What you should do >> Search the data below for the string "body" and copy all lines where it shows up.

:: Supplied records ::

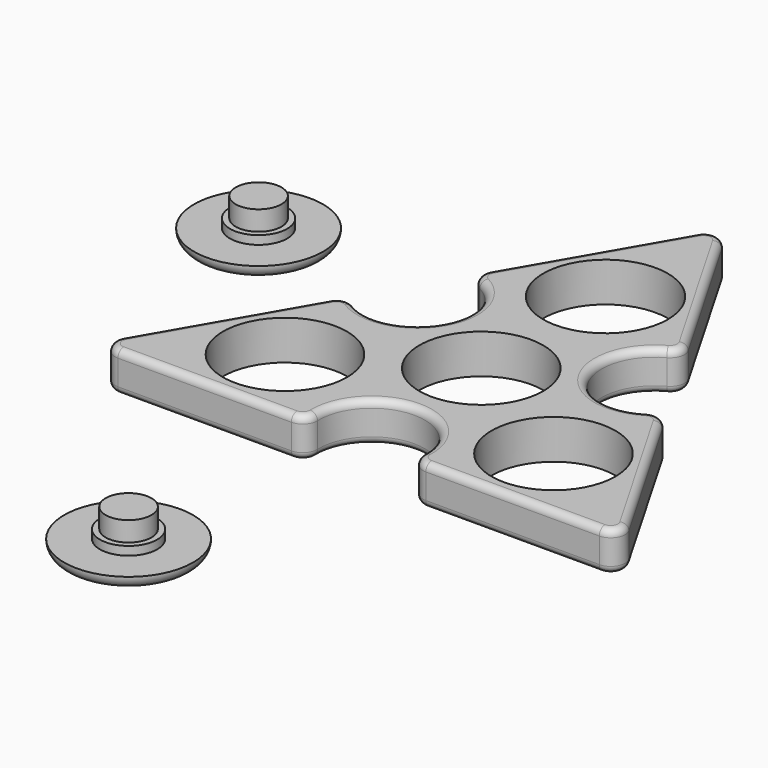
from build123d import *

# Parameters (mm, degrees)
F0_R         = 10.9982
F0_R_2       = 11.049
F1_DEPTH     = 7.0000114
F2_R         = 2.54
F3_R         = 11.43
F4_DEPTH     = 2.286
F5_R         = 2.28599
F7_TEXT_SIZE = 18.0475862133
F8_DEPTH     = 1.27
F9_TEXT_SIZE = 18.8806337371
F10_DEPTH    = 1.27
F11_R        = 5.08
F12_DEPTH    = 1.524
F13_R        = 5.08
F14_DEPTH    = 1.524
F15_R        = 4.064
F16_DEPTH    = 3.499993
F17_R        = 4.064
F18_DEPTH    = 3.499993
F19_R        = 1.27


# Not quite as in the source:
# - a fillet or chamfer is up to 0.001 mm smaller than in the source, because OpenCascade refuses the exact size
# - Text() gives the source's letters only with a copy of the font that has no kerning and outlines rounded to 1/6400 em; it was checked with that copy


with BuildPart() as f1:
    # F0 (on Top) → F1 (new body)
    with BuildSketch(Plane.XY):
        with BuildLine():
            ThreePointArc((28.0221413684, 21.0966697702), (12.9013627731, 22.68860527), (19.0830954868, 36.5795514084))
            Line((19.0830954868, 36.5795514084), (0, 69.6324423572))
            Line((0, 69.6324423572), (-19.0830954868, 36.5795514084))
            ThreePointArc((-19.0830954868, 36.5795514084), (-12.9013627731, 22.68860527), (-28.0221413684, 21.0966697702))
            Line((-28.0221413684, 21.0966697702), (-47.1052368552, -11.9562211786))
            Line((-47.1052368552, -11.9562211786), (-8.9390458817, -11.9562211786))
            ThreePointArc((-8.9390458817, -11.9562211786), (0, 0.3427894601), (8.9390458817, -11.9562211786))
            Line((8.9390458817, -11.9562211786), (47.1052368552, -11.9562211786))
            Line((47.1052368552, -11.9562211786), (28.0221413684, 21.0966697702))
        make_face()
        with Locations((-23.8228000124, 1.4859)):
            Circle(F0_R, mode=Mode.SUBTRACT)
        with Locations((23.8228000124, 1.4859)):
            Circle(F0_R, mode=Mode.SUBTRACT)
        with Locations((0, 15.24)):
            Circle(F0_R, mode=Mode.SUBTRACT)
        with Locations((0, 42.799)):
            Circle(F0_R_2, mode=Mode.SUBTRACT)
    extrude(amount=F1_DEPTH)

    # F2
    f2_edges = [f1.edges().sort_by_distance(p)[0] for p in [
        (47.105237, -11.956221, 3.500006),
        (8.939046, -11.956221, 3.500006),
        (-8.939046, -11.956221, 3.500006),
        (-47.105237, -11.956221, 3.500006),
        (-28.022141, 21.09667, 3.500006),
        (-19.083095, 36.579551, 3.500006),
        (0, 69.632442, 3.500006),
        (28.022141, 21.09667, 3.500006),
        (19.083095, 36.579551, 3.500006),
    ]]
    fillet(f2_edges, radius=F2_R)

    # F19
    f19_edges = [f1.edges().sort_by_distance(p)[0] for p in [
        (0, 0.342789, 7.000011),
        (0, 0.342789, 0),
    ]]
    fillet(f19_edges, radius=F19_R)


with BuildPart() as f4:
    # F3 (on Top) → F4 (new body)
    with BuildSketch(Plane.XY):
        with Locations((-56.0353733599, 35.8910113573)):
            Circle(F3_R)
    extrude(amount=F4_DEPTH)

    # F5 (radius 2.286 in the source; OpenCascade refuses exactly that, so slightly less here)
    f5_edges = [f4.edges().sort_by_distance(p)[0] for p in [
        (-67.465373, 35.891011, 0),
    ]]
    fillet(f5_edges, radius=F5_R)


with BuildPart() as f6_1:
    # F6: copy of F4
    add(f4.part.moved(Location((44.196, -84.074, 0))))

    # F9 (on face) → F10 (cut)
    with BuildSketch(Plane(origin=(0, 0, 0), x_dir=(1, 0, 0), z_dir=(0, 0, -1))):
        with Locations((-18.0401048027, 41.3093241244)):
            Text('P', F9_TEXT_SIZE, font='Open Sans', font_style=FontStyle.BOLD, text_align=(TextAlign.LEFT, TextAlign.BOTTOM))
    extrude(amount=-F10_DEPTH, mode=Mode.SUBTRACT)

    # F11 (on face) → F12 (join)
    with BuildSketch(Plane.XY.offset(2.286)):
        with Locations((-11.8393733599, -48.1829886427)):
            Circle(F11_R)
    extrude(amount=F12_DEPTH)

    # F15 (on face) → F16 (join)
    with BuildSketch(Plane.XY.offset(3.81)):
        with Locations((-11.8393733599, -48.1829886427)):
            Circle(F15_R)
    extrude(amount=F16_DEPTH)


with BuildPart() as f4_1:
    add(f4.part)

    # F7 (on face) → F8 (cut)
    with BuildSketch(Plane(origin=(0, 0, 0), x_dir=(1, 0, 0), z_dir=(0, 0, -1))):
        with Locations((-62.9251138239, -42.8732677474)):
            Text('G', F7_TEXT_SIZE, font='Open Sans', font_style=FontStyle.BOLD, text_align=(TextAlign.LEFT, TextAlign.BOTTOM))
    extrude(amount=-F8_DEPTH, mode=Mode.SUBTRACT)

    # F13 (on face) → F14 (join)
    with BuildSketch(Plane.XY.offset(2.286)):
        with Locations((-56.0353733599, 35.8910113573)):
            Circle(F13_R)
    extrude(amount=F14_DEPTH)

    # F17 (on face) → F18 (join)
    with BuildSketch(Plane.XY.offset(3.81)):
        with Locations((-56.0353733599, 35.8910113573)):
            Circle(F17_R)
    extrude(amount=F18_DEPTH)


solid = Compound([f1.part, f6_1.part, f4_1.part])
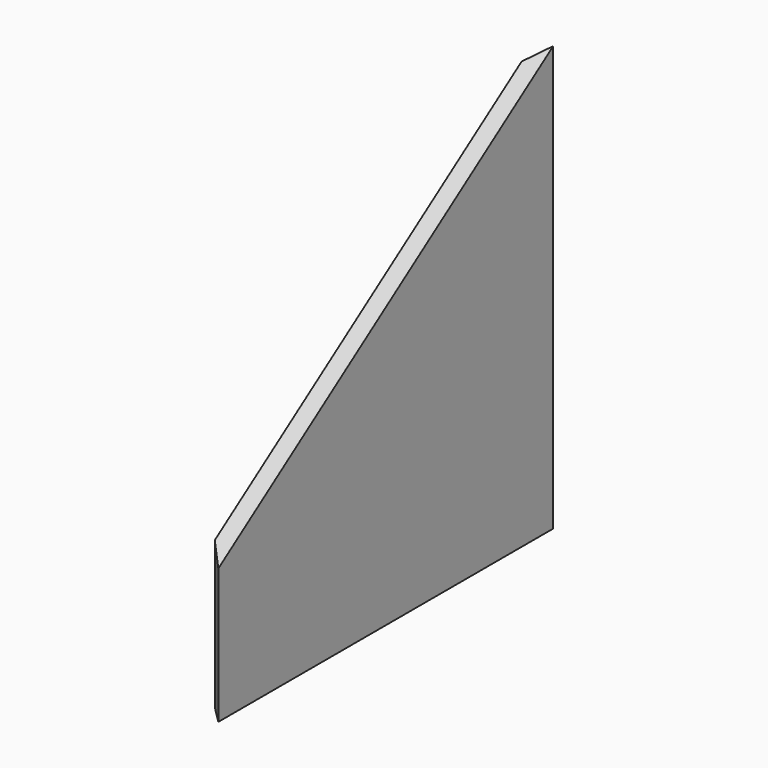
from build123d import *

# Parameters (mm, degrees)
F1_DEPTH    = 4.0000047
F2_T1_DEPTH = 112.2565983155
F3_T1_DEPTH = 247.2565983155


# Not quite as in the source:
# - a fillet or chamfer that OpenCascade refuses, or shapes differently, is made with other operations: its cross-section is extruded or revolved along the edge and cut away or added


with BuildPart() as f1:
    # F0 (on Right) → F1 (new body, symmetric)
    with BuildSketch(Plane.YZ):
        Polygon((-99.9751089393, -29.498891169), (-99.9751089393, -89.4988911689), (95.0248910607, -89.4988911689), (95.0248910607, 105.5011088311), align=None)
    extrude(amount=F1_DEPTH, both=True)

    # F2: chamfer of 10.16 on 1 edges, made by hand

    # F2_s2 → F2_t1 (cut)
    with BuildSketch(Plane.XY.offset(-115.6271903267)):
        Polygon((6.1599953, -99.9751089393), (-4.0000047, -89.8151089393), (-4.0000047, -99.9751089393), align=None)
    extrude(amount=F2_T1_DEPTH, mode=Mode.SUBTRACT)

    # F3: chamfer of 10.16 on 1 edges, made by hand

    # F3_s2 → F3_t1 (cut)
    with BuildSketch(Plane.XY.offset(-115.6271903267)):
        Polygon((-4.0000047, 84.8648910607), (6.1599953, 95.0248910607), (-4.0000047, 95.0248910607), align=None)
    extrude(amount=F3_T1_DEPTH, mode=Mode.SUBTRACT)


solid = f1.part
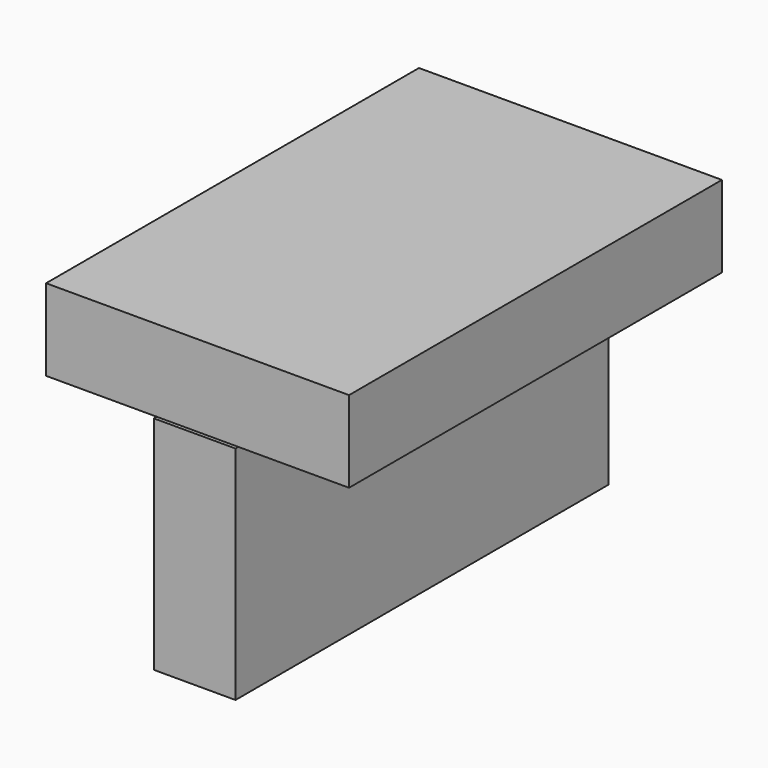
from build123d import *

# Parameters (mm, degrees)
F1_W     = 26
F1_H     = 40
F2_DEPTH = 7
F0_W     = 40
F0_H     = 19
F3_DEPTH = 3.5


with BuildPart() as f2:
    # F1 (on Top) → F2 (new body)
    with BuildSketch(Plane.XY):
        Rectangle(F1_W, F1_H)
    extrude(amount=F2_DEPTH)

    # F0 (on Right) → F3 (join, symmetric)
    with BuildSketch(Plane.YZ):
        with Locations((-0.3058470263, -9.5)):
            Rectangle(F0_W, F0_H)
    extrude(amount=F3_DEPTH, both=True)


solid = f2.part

:::

Response area >>
    # F0 (on Top) → F1 (new body)
    # F3 (on Top) → F4 (new body)
    # F0 (on Right) → F1 (new body, symmetric)
    # F1 (on Top) → F2 (new body)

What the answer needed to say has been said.